*Work item*
After locating the line that contains "point P2 (-51.816, 0)" in the records below, write out exactly that line and each line after it through the one that contains "6.3246 depth 5.08", and nothing else.

*Data*
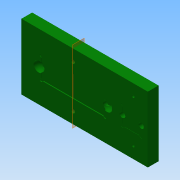
# Autodesk Inventor part: DPX Slide Jig
Saved by Autodesk Inventor 2015 SP1 (Build 190203100, 203)
## iProperties
Created: 2014-11-06
Material: DELRIN 100, BLACK (EXTRUDED)
Vendor: HHMI: JFRC - ID&F
Document SubType Name: Modeling
Designer: KLOSSR
Density: 1.42 g/cm^3
Mass: 205.473 g
Surface Area: 299.959 cm^2
Volume: 144.699 cm^3
Appearance: Dark Green
RuleStatus: InUse
AfterDocSave0: file://Part Number Cleaner
DESIGN DEPARTMENT: HHMI: JFRC - ID&F
ALTERED ITEM PART NUMBER: N/A
ALTERED ITEM VENDOR: N/A
ALTERED ITEM DESCRIPTION: N/A
Author: KLOSSR
Revision Number: 0
Autodesk Inventor part; units mm, degrees
ref_plane "YZ Plane" through (0, 0, 0) normal (1, 0, 0) x (0, 1, 0)
sketch "Sketch1" plane through (0, 0, 0) normal (0, 0, 1) x (1, 0, 0)
  line L0 (-74.93, 38.9255) -> (74.93, 38.9255)
  line L1 (74.93, 38.9255) -> (74.93, -38.9255)
  line L2 (74.93, -38.9255) -> (-74.93, -38.9255)
  line L3 (-74.93, -38.9255) -> (-74.93, 38.9255)
  point P0 (0, 0)
  point P1 (0, 38.9255)
  point P2 (-74.93, 0)
  dimension "d0" = 149.86
  dimension "d1" = 77.851
  constraints: 8 end point, 2 midpoint, 2 parallel, 1 horizontal, 1 horizontal alignment, 1 perpendicular, 1 vertical alignment
  measures "d0" distance of L0.start L0.end
  measures "d1" distance of L0.end L1.end
extrude "Extrusion1" add sketch "Sketch1" against normal blind 12.7
sketch "Sketch3" plane through (0, 0, 0) normal (0, 0, 1) x (1, 0, 0)
  line L0 (-74.93, -38.9255) -> (-74.93, 38.9255) projected
  line L1 (-51.816, 12.6746) -> (23.9268, 12.6746)
  line L2 (23.9268, 12.6746) -> (23.9268, -12.6746)
  line L3 (23.9268, -12.6746) -> (-51.816, -12.6746)
  line L4 (-51.816, -12.6746) -> (-51.816, 12.6746)
  line L5 (-74.93, -38.9255) -> (-74.93, 38.9255) projected
  line L6 (-74.93, 38.9255) -> (74.93, 38.9255) projected
  line L7 (74.93, 38.9255) -> (74.93, -38.9255) projected
  line L8 (74.93, -38.9255) -> (-74.93, -38.9255) projected
  line L9 (-104.902, 0) -> (104.902, 0) projected
  point P0 (0, 0)
  point P1 (23.9268, 0)
  dimension "d4" = 75.7428
  dimension "d5" = 25.3492
  dimension "d6" = 23.114
  constraints: 8 end point, 2 parallel, 1 horizontal, 1 midpoint, 1 perpendicular, 1 point on line
  measures "d4" distance of L1.start L1.end
  measures "d5" distance of L3.end L1.start
  measures "d6" distance between parallel lines of L4 L0
sketch "Sketch4" plane through (0, 0, 0) normal (0, 0, 1) x (1, 0, 0)
  line L0 (44.7294, 11.176) -> (67.0814, 11.176)
  line L1 (67.0814, 11.176) -> (67.0814, -11.176)
  line L2 (67.0814, -11.176) -> (44.7294, -11.176)
  line L3 (44.7294, -11.176) -> (44.7294, 11.176)
  line L4 (23.9268, 12.6746) -> (23.9268, -12.6746) projected
  line L5 (-104.902, 0) -> (104.902, 0) projected
  point P0 (0, 0)
  point P1 (67.0814, 0)
  dimension "d7" = 22.352
  dimension "d8" = 22.352
  dimension "d9" = 20.8026
  constraints: 8 end point, 2 parallel, 1 horizontal, 1 midpoint, 1 perpendicular, 1 point on line
  measures "d7" distance between parallel lines of L3 L1
  measures "d8" distance between parallel lines of L2 L0
  measures "d9" distance between parallel lines of L4 L3
extrude "Extrusion2" cut sketch "Sketch3" against normal blind 1.016 contours L9 L2 L3 L4 | L4 L1 L2 L9
extrude "Extrusion3" cut sketch "Sketch4" against normal blind 0.254
sketch "Sketch7" plane through (0, 0, 0) normal (0, 0, 1) x (1, 0, 0)
  line L0 (44.7294, -11.176) -> (44.7294, 11.176) projected
  line L1 (67.0814, -11.176) -> (44.7294, -11.176) projected
  line L2 (44.7294, 11.176) -> (44.7294, -11.176) projected
  line L3 (44.7294, -11.176) -> (67.0814, -11.176) projected
  line L4 (67.0814, -11.176) -> (67.0814, 11.176) projected
  line L5 (67.0814, 11.176) -> (44.7294, 11.176) projected
  line L6 (43.5171, -9.9637) -> (45.3131, -8.1676)
  line L7 (45.9417, -12.3883) -> (47.7378, -10.5923)
  line L8 (45.3131, -8.1676) -> (47.7378, -10.5923)
  arc A0 (43.5171, -9.9637) -> (45.9417, -12.3883) centre (44.7294, -11.176) ccw
  point P0 (0, 0)
  dimension "d19" = 45
  dimension "d20" = 2.54
  dimension "d22" = 3.429
  constraints: 6 end point, 2 point on circle, 2 tangent, 1 centre point, 1 coincident, 1 parallel, 1 perpendicular
  measures "d19" angle of L7 L1
  measures "d20" distance from line of L0.start L8
  measures "d22" diameter of A0
extrude "Extrusion5" cut sketch "Sketch7" against normal blind 0.254 contours L1 L7 A0 L6 L0 | L0 L6 L8 L7 L1
sketch "Sketch6" plane through (0, 0, 0) normal (0, 0, 1) x (1, 0, 0)
  line L0 (-51.816, -12.6746) -> (-51.816, 12.6746) projected
  line L1 (23.9268, -12.6746) -> (-51.816, -12.6746) projected
  arc A0 (-53.0283, -11.4623) -> (-50.6037, -13.8869) centre (-51.816, -12.6746) ccw
  line L2 (-53.0283, -11.4623) -> (-51.2323, -9.6662)
  line L3 (-50.6037, -13.8869) -> (-48.8076, -12.0909)
  line L4 (-51.2323, -9.6662) -> (-48.8076, -12.0909)
  point P0 (0, 0)
  dimension "d14" = 3.429
  dimension "d17" = 45
  dimension "d18" = 2.54
  constraints: 6 end point, 2 point on circle, 2 tangent, 1 centre point, 1 coincident, 1 parallel, 1 perpendicular
  measures "d14" diameter of A0
  measures "d17" angle of L3 L1
  measures "d18" distance from line of L4 L0.start
extrude "Extrusion4" cut sketch "Sketch6" against normal blind 1.016
ref_plane "Work Plane1" through (-13.9446, -12.6746, 0) normal (-1, 0, 0) x (0, 0, 1)
ref_plane "Work Plane2" through (55.9054, -11.176, 0) normal (-1, 0, 0) x (0, 0, 1)
mirror "Mirror1" about plane through (-13.9446, -12.6746, 0) normal (-1, 0, 0) of "Extrusion4"
mirror "Mirror2" about plane through (0, 0, 0) normal (0, 1, 0) of "Extrusion4", "Mirror1"
mirror "Mirror3" about plane through (55.9054, -11.176, 0) normal (-1, 0, 0) of "Extrusion5"
mirror "Mirror4" about plane through (0, 0, 0) normal (0, 1, 0) of "Extrusion5", "Mirror3"
sketch "Sketch11" plane through (0, 0, 0) normal (0, 0, 1) x (1, 0, 0)
  line L0 (-51.816, -10.2499) -> (-51.816, 10.2499) projected
  line L1 (-104.902, 0) -> (104.902, 0) projected
  point P0 (23.9268, 3.1623)
  point P1 (-51.816, 3.1623)
  point P2 (0, 0)
  point P3 (-54.483, 0)
  dimension "d44" = 2.667
  constraints: 1 point on line
  measures "d44" distance from line of L0 point (-54.483, 0)
hole "Hole3" at (-54.483, 0, 0) direction (0, 0, -1) diameter 12.192 depth 5.08
fillet "Fillet2" radius 6.096 1 edges at (-54.483, 6.096, -5.08)
mirror "Mirror5" about plane through (-13.9446, -12.6746, 0) normal (-1, 0, 0) of "Hole3", "Fillet2"
sketch "Sketch12" plane through (0, 0, 0) normal (0, 0, 1) x (1, 0, 0)
  line L0 (-51.816, 5.4816) -> (-51.816, 10.2499) projected
  line L1 (23.9268, 10.2499) -> (23.9268, -10.2499) projected
  line L2 (67.0814, 8.7513) -> (67.0814, -8.7513) projected
  line L3 (44.7294, -8.7513) -> (44.7294, 8.7513) projected
  line L4 (-104.902, 0) -> (104.902, 0) projected
  point P0 (23.9268, 5.3506)
  point P1 (0, 0)
  point P2 (-51.816, 0)
  point P3 (23.9268, 0)
  point P4 (44.7294, 0)
  point P5 (67.0814, 0)
  point P6 (67.0814, 0)
  point P7 (44.7294, 0)
  dimension "d53" = 0
  dimension "d54" = 0
  constraints: 2 coincident, 2 midpoint, 2 point on line
  measures "d53" distance from line of point (23.927, 0) L1
  measures "d54" distance from line of L0 point (-51.816, 0)
hole "Hole4" at (-51.816, 0, 0) at (23.9268, 0, 0) at (44.7294, 0, 0) at (67.0814, 0, 0) direction (0, 0, -1) diameter 6.3246 depth 5.08
sketch "Sketch13" plane through (0, 0, 0) normal (0, 0, 1) x (1, 0, 0)
  line L0 (-13.9446, -57.8337) -> (-13.9446, 74.524) projected
  line L1 (-104.902, 0) -> (104.902, 0) projected
  point P0 (0, 0)
  point P1 (-13.9446, 25.4)
  point P2 (-13.9446, -25.4)
  dimension "d63" = 25.4
  dimension "d64" = 25.4
  constraints: 2 point on line
  measures "d63" distance from line of L1 point (-13.945, 25.4)
  measures "d64" distance from line of L1 point (-13.945, -25.4)
sketch "Sketch14" plane through (0, 0, 0) normal (0, 0, 1) x (1, 0, 0)
  line L0 (-104.902, 0) -> (104.902, 0) projected
  line L1 (57.4929, 25.4) -> (57.4929, -25.4)
  line L2 (64.6567, 11.176) -> (47.1541, 11.176) projected
  point P0 (0, 0)
  point P1 (55.9054, 11.176)
  dimension "d65" = 25.4
  dimension "d66" = 25.4
  dimension "d81" = 1.5875
  constraints: 2 end point, 1 midpoint, 1 vertical
  measures "d65" distance from line of L0 L1.start
  measures "d66" distance from line of L0 L1.end
  measures "d81" distance from line of L1 point (55.905, 11.176)
hole "Hole5" at (-13.9446, 25.4, 0) at (-13.9446, -25.4, 0) direction (0, 0, -1) diameter 4.7625 depth 5.08 tip angle 118
hole "Hole6" at (57.4929, 25.4, 0) at (57.4929, -25.4, 0) direction (0, 0, -1) diameter 3.175 depth 5.08 tip angle 118
ref_plane "Work Plane3" through (-13.9446, -12.6746, 0) normal (-1, 0, 0) x (0, 0, 1)
body "Solid1"

*Output*
  point P2 (-51.816, 0)
  point P3 (23.9268, 0)
  point P4 (44.7294, 0)
  point P5 (67.0814, 0)
  point P6 (67.0814, 0)
  point P7 (44.7294, 0)
  dimension "d53" = 0
  dimension "d54" = 0
  constraints: 2 coincident, 2 midpoint, 2 point on line
  measures "d53" distance from line of point (23.927, 0) L1
  measures "d54" distance from line of L0 point (-51.816, 0)
hole "Hole4" at (-51.816, 0, 0) at (23.9268, 0, 0) at (44.7294, 0, 0) at (67.0814, 0, 0) direction (0, 0, -1) diameter 6.3246 depth 5.08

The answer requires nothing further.